2 Cisco Charts To Keep An Eye On
In last week’s Dow Thirty report, JC Parets’ Eagle Bay Solutions looked into two charts for Cisco Systems, Inc. (NASDAQ: CSCO).
According to the research note, structurally, Cisco broke out comfortably above the key resistance the firm has been pointing to over the past few months.
Parets and his team continue to only want to remain long this stock “above the upper of the two converging trendlines, and more specifically above last summer's highs.”
Related Link: 2 Intel Charts This Pro Is Watching
Parets determines: “Momentum is still in a bullish range, however relative strength is still stuck in this multi-year range, but price is what pays. Risk managment-wise, anything back into this range and we've been happy to go back to neutral. Our target just over 30 was hit last month, which represents the 161.8% Fibonacci extension from the 2nd half of 2013 correction. Now we wait for more data and approach this more tactically. Great trade.”
Short-term, prices blew up in November. They broke out above the highs hit in July, with momentum hitting overbought conditions.
Eagle Bay has preferred to approach the company from a structural perspective, and still only wants to buy on dips, as long as the price remains above the July highs.
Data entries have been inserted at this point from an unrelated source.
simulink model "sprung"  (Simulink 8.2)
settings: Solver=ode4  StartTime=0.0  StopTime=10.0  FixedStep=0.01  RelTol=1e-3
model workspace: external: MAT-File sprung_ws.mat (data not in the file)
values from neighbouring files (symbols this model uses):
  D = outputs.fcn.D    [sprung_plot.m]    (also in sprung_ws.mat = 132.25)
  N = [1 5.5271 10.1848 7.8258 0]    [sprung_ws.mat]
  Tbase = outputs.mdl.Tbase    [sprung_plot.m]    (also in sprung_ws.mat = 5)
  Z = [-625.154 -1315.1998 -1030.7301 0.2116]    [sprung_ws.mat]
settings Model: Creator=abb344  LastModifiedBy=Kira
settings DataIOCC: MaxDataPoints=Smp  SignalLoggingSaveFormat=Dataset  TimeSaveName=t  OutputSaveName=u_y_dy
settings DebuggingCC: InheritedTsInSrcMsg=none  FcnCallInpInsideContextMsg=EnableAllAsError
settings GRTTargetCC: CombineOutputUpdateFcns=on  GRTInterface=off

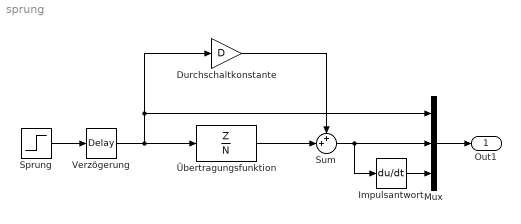
== system sprung ==
  Durchschaltkonstante : Gain  Gain=D
  Impulsantwort : Derivative
  Mux : Mux  Inputs=3
  Sprung : Step  Time=-1
  Sum : Sum  Inputs=++|
  Verzögerung : TransportDelay  DelayTime=Tbase  BufferSize=10000  FixedBuffer=on
  Übertragungsfunktion : TransferFcn  Numerator=Z  Denominator=N
  Out1 : Outport
  wires:
  Durchschaltkonstante/1 -> Sum/1
  Übertragungsfunktion/1 -> Sum/2
  Sprung/1 -> Verzögerung/1
  Mux/1 -> Out1/1
  Sum/1 -> Impulsantwort/1, Mux/2
  Impulsantwort/1 -> Mux/3
  Verzögerung/1 -> Mux/1, Durchschaltkonstante/1, Übertragungsfunktion/1
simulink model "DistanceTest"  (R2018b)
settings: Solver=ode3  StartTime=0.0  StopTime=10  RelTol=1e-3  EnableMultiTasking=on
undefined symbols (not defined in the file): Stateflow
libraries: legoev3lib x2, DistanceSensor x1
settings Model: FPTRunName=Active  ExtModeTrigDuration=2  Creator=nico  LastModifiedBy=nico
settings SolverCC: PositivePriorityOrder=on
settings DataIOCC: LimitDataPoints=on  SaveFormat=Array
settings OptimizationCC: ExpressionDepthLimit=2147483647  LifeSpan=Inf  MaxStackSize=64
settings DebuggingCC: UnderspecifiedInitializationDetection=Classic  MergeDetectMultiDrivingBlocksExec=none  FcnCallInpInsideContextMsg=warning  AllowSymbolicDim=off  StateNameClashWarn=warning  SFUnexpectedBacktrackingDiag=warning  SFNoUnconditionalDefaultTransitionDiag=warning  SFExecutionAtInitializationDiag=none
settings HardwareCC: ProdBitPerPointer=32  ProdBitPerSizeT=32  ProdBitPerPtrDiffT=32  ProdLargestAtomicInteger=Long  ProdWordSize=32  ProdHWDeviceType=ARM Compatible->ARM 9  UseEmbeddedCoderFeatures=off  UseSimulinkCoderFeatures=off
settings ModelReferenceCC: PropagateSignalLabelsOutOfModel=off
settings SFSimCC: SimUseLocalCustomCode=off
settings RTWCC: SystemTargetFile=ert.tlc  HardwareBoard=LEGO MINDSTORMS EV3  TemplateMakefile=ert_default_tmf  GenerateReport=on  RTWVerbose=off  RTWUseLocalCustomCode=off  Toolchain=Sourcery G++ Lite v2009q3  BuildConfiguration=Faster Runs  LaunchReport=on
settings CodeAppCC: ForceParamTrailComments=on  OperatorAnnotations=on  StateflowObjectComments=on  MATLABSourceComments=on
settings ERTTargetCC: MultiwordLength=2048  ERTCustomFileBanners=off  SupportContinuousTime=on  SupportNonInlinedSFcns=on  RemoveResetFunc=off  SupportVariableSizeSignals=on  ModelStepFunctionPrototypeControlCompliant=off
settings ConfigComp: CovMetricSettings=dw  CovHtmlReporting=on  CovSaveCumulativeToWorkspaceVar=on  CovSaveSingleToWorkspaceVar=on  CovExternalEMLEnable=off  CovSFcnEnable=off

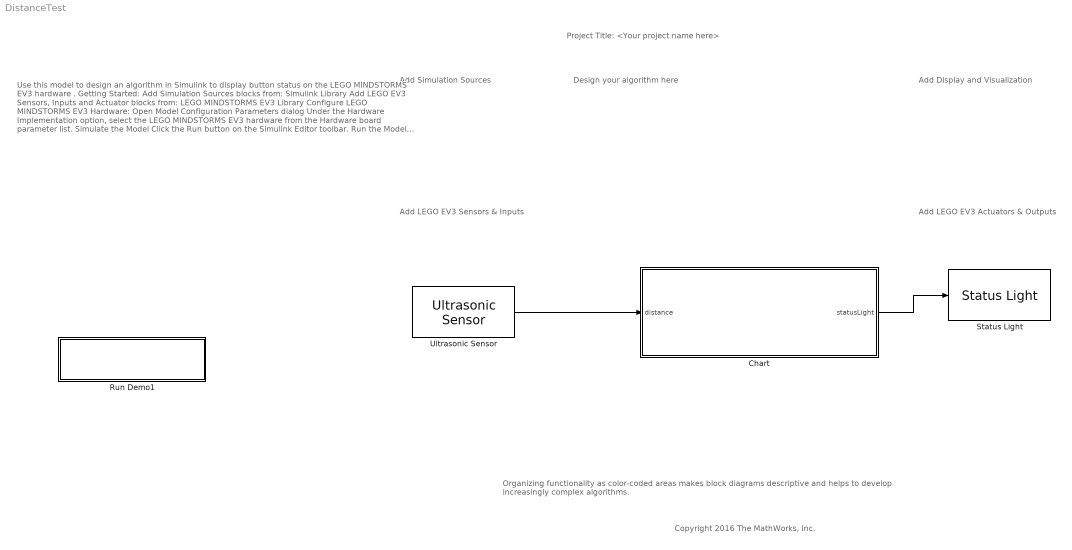
== system DistanceTest ==
  note: Project Title: <Your project name here>
  note: Copyright 2016 The MathWorks, Inc.
  note: Add LEGO EV3 Sensors & Inputs
  note: Add LEGO EV3 Actuators & Outputs
  note: Add Display and Visualization
  note: Design your algorithm here
  note: Add Simulation Sources
  note: Use this model to design an algorithm in Simulink to display button status on the LEGO MINDSTORMS EV3 hardware .
      |
      | Getting Started:
      |
      | Add Simulation Sources blocks from:
      | Simulink Library
      | Add LEGO EV3 Sensors, Inputs and Actuator blocks from:
      | LEGO MINDSTORMS EV3 Library
      |
      | Configure LEGO MINDSTORMS EV3 Hardware:
      |
      | Open Model Configuration Parameters dialog
      | Under the Hardware Implementation option, select the LEGO MINDSTORMS EV3 hardware from the Hardware board parameter list.
      |
      | Simulate the Model
      |
      | Click the Run button on the Simulink Editor toolbar.
      |
      | Run the Model on LEGO MINDSTORMS EV3 Hardware
      |
      | Click the Deploy to Hardware button on the Simulink Editor toolbar.
      |
      | Other Things to Try:
      |
      | Create and run a model that detects the obstacle and stops the LEGO EV3 robot. HINT: Use Ultrasonic Sensor and Motor blocks.
  note: Organizing functionality as color-coded areas makes block diagrams descriptive and helps to develop increasingly complex algorithms.
  Chart : Stateflow chart  TreatAsAtomicUnit=on
  Run Demo1 : Subsystem  Description=Controls host-side RTDX processing.
      mask Display: pic=imread('ev3DeploytoHardware.png');image(pic);
  Status Light : legoev3lib/Status Light
      settings: SourceProductName=Simulink Support Package for LEGO MINDSTORMS EV3 Hardware  SourceProductBaseCode=LEGOEV3
  Ultrasonic Sensor : legoev3lib/Ultrasonic Sensor  PortNumber=4  sampleTime=0.1
      settings: SourceProductName=Simulink Support Package for LEGO MINDSTORMS EV3 Hardware  SourceProductBaseCode=LEGOEV3
  wires:
  Chart/1(statusLight) -> Status Light/1
  Ultrasonic Sensor/1 -> Chart/1(distance)

== system DistanceTest/Run Demo1 ==

== stateflow chart DistanceTest/Chart ==
  state Distance_Sensor [parallel]
    settings: executionOrder=1
  state StatusBLaBla [parallel]
    entry: statusLight = 0
    settings: executionOrder=2
    state AtEase
    state ToClose
      entry: statusLight = 2
    state FoundBeast
      entry: statusLight = 3
    state Approaching
      entry: statusLight = 1
    (default) -> AtEase
    AtEase -> ToClose [order 1] : [TOO_CLOSE_TO_BEAST]
    ToClose -> AtEase
    AtEase -> FoundBeast [order 2] : [FOUND_BEAST]
    AtEase -> Approaching [order 3] : [APPROACHING_BEAST]
    Approaching -> AtEase
    FoundBeast -> AtEase
  (default) -> StatusBLaBla
  data: FOUND_BEAST function_output; APPROACHING_BEAST function_output; TOO_CLOSE_TO_BEAST function_output; statusLight output uint32 size=1; distance input uint8 size=1; FOUND_BEAST local boolean size=1; TOO_CLOSE_TO_BEAST local boolean size=1; APPROACHING_BEAST local boolean size=1

Related Link: 1 Chart IBM Investors Need To See
The founder of Eagle Bay explains that, in late December the stock hit the firm’s near-term target close to $28.30 “based on the 161.8% Fibonacci extension from the correction that began this summer.”
He concludes: “we said we've wanted to buy dips near 26 and that was in early February. At this point I still would only want to be long if prices are above 28.90. Below that and I would not want to be in this name based on that bearish divergence in momentum. If we are able to get back above that level we would have a target just under 32 based on the 261.8% FIbonacci extension of the July/October rally.”